The men and women who took us captive were stern but not cruel. They were mostly lawyers, doctors, and a few teachers. Most of them wore visors and t-shirts that someone had printed for the event. "Haole Revolution '06".

There will be more to come.

Saturday, March 04, 2006

On the Fine Art of Dancing

One of the nice thing about dancing in public with your woman is that you know you only have one moment in time, one fleeting wisp of a lifetime, to touch people. To combine your physical form, your compounded atoms, molecules, and muons, with the atmosphere that surrounds you. The atmosphere of oxygen and nitrogen and music and laughter and tears, and you have that one wisp of a moment to combine with all the world around you and claw your way into people's hearts via their ocular cavities. Scratch your way into their optic nerves, travel the path that leads to their mind, and then into the region of the brain that controls involuntary muscle functions such as that of a beating heart, and to nest inside that heart, with your art, curled in their hearts like a small blood clot waiting to explode with the emotion of a perfect moment. That is what my dancing can do.

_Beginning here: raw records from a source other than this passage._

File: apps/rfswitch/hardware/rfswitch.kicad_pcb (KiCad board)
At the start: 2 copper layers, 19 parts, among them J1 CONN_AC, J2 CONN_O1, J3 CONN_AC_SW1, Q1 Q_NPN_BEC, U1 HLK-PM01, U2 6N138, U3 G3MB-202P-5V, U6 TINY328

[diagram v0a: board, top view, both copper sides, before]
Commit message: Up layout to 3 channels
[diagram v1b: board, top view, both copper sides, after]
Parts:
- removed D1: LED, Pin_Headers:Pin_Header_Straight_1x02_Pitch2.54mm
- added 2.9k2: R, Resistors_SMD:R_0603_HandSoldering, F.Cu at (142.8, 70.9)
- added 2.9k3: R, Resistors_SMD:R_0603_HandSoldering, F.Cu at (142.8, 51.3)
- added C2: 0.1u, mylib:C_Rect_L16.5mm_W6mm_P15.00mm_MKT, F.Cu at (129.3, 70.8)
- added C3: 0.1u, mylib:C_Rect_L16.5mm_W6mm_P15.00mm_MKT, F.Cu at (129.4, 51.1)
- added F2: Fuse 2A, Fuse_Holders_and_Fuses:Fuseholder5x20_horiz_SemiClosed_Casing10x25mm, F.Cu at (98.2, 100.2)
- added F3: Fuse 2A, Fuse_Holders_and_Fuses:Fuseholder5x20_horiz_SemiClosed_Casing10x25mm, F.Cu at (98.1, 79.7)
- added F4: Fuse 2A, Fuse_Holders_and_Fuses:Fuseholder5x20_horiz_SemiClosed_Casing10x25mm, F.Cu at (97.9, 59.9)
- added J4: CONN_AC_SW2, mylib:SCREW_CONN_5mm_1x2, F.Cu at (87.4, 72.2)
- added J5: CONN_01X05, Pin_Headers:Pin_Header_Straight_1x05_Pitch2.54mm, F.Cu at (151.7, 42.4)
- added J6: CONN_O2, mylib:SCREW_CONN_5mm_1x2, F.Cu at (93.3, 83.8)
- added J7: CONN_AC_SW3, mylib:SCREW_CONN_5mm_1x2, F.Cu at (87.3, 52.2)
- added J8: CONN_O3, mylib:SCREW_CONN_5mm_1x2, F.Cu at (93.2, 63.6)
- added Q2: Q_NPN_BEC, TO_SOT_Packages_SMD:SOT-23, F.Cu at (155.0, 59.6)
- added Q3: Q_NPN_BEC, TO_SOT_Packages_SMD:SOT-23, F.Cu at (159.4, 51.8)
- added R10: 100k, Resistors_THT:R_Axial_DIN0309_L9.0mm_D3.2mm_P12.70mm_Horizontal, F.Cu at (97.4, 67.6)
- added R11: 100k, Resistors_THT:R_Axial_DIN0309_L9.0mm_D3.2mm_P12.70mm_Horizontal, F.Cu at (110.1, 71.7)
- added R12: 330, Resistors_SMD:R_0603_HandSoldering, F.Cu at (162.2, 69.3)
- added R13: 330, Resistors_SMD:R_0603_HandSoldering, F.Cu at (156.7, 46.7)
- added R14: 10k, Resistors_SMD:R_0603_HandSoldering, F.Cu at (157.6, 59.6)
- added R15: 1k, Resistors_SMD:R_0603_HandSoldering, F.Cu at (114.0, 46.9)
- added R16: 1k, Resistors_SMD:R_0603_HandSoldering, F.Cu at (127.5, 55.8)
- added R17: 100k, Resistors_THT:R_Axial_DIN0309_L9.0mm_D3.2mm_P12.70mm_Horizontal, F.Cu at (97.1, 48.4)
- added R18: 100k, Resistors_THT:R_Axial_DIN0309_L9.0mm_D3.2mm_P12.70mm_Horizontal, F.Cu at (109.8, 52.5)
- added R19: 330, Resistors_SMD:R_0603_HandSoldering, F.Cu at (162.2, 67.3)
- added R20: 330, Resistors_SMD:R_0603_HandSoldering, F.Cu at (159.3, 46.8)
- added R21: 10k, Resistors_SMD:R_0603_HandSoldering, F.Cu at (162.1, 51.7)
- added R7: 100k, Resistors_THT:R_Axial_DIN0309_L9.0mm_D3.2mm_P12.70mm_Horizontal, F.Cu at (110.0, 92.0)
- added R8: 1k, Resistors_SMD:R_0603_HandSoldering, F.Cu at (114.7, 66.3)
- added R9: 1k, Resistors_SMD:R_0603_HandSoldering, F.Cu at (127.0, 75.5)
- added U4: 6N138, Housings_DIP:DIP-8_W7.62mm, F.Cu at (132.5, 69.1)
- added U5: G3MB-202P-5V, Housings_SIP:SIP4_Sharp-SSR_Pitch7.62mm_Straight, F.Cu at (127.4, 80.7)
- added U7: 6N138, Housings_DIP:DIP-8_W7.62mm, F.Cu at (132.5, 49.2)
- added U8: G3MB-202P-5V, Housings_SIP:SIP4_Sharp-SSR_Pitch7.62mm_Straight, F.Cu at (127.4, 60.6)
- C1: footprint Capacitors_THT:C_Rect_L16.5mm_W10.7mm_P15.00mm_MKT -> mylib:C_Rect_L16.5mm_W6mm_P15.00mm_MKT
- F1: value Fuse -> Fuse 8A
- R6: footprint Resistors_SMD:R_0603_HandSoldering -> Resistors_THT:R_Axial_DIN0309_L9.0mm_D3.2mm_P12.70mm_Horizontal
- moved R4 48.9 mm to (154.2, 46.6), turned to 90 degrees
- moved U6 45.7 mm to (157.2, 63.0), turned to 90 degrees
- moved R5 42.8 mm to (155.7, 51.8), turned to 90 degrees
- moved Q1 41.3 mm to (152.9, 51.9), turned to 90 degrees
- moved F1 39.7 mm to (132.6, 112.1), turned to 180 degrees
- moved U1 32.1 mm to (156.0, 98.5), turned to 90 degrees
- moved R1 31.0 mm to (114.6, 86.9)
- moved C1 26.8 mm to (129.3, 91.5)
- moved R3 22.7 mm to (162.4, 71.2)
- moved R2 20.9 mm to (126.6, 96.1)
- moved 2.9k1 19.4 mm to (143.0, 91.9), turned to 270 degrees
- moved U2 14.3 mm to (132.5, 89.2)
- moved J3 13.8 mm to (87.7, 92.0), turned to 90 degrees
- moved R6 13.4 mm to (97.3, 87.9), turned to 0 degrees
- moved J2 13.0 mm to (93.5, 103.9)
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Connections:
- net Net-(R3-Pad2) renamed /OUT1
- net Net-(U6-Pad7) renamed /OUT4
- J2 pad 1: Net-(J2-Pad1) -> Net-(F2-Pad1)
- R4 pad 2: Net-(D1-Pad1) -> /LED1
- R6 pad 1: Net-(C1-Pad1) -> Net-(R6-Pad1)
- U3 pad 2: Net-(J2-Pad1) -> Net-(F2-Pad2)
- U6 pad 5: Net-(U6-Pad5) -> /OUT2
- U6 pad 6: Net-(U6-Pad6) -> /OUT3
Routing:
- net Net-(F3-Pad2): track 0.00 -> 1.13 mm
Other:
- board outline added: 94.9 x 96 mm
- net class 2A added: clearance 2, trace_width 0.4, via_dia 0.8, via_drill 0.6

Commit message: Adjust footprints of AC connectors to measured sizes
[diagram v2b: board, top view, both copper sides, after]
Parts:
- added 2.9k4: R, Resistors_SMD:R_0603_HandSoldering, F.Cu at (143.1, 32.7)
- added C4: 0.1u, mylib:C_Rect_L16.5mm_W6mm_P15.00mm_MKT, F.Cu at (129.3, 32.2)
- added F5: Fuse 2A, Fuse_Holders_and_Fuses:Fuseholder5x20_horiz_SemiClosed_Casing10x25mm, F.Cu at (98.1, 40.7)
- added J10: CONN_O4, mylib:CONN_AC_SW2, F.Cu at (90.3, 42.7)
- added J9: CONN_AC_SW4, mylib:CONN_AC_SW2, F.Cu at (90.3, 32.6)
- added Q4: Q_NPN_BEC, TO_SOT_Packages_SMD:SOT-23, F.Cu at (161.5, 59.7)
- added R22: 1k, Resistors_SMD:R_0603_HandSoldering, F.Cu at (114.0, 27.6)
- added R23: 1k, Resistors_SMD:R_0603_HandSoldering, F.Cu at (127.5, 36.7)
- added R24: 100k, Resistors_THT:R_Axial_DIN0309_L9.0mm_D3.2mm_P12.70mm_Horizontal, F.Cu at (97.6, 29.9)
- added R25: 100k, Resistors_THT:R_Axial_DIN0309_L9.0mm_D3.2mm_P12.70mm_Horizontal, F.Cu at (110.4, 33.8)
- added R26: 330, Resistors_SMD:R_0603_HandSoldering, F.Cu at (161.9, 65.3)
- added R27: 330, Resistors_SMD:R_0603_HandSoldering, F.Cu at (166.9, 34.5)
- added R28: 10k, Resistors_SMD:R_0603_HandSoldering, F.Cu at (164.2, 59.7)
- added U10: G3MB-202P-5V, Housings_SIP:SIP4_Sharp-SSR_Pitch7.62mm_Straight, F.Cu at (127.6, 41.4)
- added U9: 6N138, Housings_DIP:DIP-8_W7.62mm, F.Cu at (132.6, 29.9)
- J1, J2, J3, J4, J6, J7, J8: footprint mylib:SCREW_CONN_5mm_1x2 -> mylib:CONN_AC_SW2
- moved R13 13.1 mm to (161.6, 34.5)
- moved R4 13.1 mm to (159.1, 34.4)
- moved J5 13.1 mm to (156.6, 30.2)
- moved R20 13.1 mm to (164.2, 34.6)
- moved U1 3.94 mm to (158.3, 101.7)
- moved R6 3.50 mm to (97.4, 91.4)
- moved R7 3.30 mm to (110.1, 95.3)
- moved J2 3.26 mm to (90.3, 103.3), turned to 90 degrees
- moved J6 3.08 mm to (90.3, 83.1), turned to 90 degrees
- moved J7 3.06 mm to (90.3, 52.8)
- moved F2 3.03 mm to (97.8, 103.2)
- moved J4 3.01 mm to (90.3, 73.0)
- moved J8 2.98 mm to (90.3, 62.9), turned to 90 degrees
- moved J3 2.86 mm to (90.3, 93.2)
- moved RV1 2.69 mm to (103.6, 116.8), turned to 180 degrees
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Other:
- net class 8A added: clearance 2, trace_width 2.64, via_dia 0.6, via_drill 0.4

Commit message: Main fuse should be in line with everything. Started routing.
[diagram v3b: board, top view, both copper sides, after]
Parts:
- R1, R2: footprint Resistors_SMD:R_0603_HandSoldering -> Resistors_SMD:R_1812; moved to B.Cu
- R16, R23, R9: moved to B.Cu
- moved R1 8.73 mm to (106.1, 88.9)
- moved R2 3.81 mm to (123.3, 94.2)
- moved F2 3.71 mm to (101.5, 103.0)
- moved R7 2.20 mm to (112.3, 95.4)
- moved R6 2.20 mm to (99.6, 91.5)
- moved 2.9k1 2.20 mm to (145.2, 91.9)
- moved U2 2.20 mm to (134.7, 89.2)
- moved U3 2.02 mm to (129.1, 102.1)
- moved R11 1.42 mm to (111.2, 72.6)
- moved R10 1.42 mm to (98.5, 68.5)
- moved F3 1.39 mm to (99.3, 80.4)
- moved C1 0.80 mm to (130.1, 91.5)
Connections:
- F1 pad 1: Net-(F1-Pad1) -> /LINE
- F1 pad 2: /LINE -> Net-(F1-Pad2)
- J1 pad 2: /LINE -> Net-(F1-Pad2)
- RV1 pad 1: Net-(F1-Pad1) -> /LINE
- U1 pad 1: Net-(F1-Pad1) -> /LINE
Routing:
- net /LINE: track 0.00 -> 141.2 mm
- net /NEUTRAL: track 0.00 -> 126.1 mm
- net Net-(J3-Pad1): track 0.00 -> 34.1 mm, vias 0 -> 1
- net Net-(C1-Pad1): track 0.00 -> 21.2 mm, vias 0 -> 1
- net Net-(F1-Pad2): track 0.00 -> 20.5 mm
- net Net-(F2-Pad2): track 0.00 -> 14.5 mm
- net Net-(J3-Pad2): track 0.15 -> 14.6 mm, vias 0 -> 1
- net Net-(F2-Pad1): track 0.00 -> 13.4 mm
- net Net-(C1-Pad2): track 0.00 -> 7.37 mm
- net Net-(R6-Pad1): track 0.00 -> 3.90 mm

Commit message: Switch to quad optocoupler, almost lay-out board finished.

Not to say that Lori is a prop when we're dancing, of course, because she's more than that. But she's not quite a partner either. A partner implies a level of equality that I'm not quite comfortable with when I think of her dancing abilities. But one thing that's important in a marriage is honesty. That's a very important thing, ask anyone. So when I tell Lori that she's a fine dancer, I mean it.

But I am divine.

I know that sounds conceited, perhaps, but think of it, rather, as honesty. I am only being honest, and when you're honest about something you know you're good at, it inevitably sounds like pomposity. I am an incredible dancer, though, and Lori will tell you as much. In some circles I have been described as "otherworldly" and "tantalizingly envelope-pushing." The remarkable thing about me is that I combine the dancer's two most important traits: I am able to both recreate a certain movement and I am able to create moves of my own.

Example: if I see a dance move, but once, I can recreate it perfectly. I am born with the gift of Xerox, the Greek god of mimicry. You're hopping on one foot, you say? Watch this: perfect mimicry. I'm hopping on the very same foot at the precise height and speed as yourself. What's that? The human worm? Observe my undulations as I careen across the room. Did you do the same dance twice they'll ask you? No, you'll have to admit. The second time, that was Andrew. But that's not all I have in my bag of tricks. Even a monkey can mimic. A parrot can speak, but there is no true meaning behind its words. The mimic is my animal half, the part that makes me steppenparrot.

The humanity, the sheer creativity that I can produce of my own will and essence, is the part of me that creates as I dance. I am born of Natraj, the Indian god of dance, and in the moment I channel the world's energies as my limbs instantaneously calculate windspeed, magnetic field viability, levels of various gasses in the surrounding atmosphere, and, of course, the spirit of the audience that seems to constantly surround me, and based on these instant calculations I move. A foot here. A hip there. Back flip. Front flip. Somersault. You don't know what you'll see next. All you'll know is that what you're seeing is perfection embodied. I'm just saying the truth, and if the truth bothers you, well... I guess you should just come watch me dance.

Sunday, February 19, 2006

Photo #1

This is Kagman. Notice the subtle lighting and the dramatic tension between the telephone poles and the sinews of the pooping dog's shuddering haunches. A moment in time forever preserved.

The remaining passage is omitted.